Zhang quickly enlisted more troops, most importantly thousands of anticommunist Russians who lived as White émigrés in Manchuria. Some of the White Russians even organized guerrilla groups to carry the war into the Soviet Union.

Conflict

Military operations in the region of the Chinese Eastern Railway in 1929

Small skirmishes had broken out in July but would not be considered the first major military action. The first battle happened on August 17, 1929, when the Soviets attacked Chalainor. Chinese troops retreated to an entrenchment, which was supported by machine guns. The Soviets suffered heavy losses in the battle, the only one in which the Soviets would incur such casualties.

Blyukher consequently developed a plan for an offensive in two rapid operations, the first targeting Chinese naval forces and the second destroying the Chinese ground forces by rapid encirclement operations. The naval attack began in October, as the Soviets forced their naval fleets up the Amur and Songhua Rivers and captured Lahasusu. The maneuver caused the Chinese to move to a different location. On their way to Fujin, Chinese troops killed any civilian they met and raided any store.

The Soviets stated that they would not touch the civilian population and encouraged Chinese civilians to fight alongside them against the Chinese Army. They also denied killing civilians and were said to take only military goods. All civilian personal items were to be left in place, a stipulation that was strictly enforced.

On November 17, the Soviets decided to take ten divisions and split their attack into two stages.
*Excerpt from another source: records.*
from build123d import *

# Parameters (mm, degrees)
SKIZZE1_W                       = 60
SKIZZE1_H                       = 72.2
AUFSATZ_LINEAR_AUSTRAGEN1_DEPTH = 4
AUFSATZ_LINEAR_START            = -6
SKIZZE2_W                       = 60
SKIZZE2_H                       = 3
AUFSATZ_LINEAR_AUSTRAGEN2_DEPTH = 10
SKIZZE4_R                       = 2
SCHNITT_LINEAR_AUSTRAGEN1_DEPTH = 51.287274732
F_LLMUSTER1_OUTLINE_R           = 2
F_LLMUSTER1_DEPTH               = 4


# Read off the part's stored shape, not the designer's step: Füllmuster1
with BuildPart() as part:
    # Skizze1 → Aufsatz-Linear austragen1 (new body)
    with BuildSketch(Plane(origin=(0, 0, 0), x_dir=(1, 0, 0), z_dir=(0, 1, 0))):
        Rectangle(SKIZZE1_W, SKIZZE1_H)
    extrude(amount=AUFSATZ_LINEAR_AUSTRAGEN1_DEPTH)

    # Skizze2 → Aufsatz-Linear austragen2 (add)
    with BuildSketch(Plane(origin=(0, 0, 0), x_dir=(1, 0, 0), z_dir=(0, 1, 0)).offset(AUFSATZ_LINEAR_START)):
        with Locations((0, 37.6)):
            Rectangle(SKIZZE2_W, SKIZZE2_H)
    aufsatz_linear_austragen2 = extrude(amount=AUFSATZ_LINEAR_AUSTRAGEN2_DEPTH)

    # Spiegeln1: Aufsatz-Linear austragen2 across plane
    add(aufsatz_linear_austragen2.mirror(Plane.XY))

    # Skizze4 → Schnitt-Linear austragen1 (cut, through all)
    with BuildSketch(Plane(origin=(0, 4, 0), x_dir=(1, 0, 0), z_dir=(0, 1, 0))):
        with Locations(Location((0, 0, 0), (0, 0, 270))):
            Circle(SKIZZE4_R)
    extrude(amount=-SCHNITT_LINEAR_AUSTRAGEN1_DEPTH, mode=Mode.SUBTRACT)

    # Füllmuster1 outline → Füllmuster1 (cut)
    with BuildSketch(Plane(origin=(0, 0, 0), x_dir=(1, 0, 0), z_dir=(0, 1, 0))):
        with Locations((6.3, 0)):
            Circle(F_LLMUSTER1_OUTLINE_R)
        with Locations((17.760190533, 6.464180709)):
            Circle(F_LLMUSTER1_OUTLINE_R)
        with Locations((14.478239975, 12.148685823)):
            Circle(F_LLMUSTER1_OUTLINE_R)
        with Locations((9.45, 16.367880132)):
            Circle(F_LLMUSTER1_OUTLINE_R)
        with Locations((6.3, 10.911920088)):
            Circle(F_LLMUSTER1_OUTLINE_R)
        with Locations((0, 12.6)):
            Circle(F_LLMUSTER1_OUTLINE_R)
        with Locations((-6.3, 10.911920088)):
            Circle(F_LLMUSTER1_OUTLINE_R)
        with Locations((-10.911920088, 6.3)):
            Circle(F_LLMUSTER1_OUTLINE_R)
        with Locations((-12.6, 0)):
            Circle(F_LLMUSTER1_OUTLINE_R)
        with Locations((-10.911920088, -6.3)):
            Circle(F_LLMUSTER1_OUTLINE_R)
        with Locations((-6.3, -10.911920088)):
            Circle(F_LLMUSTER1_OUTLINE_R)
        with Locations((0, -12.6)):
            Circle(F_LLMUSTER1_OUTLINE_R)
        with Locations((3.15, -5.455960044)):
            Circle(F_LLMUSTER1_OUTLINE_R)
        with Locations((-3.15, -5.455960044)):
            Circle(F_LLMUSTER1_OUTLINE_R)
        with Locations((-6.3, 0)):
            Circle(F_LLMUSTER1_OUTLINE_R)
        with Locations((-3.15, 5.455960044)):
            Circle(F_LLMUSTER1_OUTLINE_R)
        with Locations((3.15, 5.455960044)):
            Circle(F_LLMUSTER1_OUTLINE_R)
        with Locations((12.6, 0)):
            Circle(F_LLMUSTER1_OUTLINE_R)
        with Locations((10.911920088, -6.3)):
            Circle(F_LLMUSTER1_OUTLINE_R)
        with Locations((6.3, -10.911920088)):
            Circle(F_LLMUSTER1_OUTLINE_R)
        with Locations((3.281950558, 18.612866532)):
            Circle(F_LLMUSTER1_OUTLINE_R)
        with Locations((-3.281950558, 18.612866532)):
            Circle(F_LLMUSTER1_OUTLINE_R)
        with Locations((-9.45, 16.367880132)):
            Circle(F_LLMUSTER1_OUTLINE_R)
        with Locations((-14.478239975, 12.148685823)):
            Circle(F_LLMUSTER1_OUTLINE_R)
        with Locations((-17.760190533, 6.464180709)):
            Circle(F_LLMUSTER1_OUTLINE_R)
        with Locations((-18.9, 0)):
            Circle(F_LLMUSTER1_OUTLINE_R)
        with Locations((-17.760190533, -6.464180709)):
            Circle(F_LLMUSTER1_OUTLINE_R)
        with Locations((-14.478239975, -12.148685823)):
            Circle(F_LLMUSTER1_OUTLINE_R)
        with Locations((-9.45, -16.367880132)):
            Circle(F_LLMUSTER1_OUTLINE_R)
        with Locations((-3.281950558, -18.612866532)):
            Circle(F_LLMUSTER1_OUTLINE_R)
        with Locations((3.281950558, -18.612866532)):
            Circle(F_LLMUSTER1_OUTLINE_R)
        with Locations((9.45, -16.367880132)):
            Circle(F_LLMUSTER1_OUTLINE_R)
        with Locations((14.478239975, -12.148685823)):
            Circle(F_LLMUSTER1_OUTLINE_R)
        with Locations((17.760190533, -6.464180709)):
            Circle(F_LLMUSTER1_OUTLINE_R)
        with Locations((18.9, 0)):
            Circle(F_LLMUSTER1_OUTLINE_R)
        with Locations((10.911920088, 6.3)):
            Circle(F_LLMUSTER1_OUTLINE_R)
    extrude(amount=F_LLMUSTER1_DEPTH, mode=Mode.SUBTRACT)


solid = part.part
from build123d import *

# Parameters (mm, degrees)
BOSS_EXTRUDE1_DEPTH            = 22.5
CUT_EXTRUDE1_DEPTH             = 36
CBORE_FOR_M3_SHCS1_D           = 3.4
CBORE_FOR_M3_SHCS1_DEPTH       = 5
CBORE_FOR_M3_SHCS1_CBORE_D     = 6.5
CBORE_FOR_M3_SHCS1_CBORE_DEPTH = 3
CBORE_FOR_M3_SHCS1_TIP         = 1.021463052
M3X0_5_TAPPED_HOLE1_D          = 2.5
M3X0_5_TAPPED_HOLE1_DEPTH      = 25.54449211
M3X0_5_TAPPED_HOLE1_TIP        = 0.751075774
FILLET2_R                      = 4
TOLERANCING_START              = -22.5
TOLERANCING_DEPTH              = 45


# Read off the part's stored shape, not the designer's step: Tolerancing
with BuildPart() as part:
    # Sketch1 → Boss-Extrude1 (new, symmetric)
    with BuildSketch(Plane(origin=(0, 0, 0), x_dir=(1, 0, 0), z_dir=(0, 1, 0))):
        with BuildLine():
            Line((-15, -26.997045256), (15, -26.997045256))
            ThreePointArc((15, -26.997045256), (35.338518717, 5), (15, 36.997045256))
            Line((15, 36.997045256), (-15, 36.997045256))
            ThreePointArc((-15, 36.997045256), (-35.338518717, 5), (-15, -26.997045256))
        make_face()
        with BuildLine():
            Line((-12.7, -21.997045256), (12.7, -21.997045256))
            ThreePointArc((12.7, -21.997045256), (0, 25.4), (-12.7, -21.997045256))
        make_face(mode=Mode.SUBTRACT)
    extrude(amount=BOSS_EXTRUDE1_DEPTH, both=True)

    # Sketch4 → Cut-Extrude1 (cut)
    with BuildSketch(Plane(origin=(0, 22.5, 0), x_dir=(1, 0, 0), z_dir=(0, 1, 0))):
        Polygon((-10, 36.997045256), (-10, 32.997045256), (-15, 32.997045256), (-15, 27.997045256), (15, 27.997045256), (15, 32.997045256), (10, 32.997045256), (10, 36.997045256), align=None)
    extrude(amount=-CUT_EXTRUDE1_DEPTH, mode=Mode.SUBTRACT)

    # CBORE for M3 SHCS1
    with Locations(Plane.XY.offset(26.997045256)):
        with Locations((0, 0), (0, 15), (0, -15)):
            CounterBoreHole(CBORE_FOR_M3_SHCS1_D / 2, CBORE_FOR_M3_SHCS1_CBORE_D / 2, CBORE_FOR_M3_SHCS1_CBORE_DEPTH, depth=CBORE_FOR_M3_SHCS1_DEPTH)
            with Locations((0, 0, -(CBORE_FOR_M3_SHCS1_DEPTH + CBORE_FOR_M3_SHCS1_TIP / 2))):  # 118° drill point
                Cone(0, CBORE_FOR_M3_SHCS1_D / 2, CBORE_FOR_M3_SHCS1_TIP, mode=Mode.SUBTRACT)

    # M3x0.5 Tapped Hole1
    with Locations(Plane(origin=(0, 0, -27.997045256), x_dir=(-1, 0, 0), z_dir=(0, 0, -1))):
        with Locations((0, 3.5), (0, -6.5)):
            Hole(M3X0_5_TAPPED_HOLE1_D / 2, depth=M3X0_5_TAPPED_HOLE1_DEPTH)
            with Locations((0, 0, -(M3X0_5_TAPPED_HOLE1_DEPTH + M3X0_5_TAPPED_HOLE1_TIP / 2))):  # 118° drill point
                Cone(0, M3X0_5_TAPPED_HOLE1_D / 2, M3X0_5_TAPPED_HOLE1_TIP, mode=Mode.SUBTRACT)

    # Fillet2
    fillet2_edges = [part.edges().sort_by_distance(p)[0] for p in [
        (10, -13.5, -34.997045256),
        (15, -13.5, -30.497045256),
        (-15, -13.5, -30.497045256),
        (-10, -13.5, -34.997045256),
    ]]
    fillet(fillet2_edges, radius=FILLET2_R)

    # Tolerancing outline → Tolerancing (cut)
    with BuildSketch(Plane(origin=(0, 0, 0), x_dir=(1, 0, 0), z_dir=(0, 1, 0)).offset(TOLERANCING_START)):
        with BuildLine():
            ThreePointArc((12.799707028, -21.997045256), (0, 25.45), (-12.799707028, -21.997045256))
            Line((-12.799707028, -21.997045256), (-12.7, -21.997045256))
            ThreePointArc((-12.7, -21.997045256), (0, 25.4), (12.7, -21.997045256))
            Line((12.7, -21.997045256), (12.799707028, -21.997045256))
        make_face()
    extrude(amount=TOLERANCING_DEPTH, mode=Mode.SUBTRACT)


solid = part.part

The first stage was to go past Manzhouli and to attack the region of Chalainor. After capturing the region, Soviet troops set their sights on Manzhouli.

When they reached Manzhouli, they found that the Chinese were not prepared for battle and that the Chinese forces were looting houses and stores, stealing civilian clothes, and trying to escape. The Soviet strategy was a success. On November 26, the Chinese were ready to sign a treaty with the Soviets. On December 13, after much debate, the Chinese signed the Khabarovsk Protocol, which restored peace and the status quo ante bellum, the Sino-Soviet treaty of 1924.

The victory over China was an eyeopener for the world. During the conflict, the Soviets used propaganda to help spread communist ideology and to confuse the Chinese Army by using radio and leaflets. They did so by deceiving the Chinese command on the town that was the Soviets' next target: "Its military forces combined carefully measured use of depth and variety, coordinated in the fashion of a swift action design to achieve the precise goal of annihilating offensive under complex conditions' against enemy forces."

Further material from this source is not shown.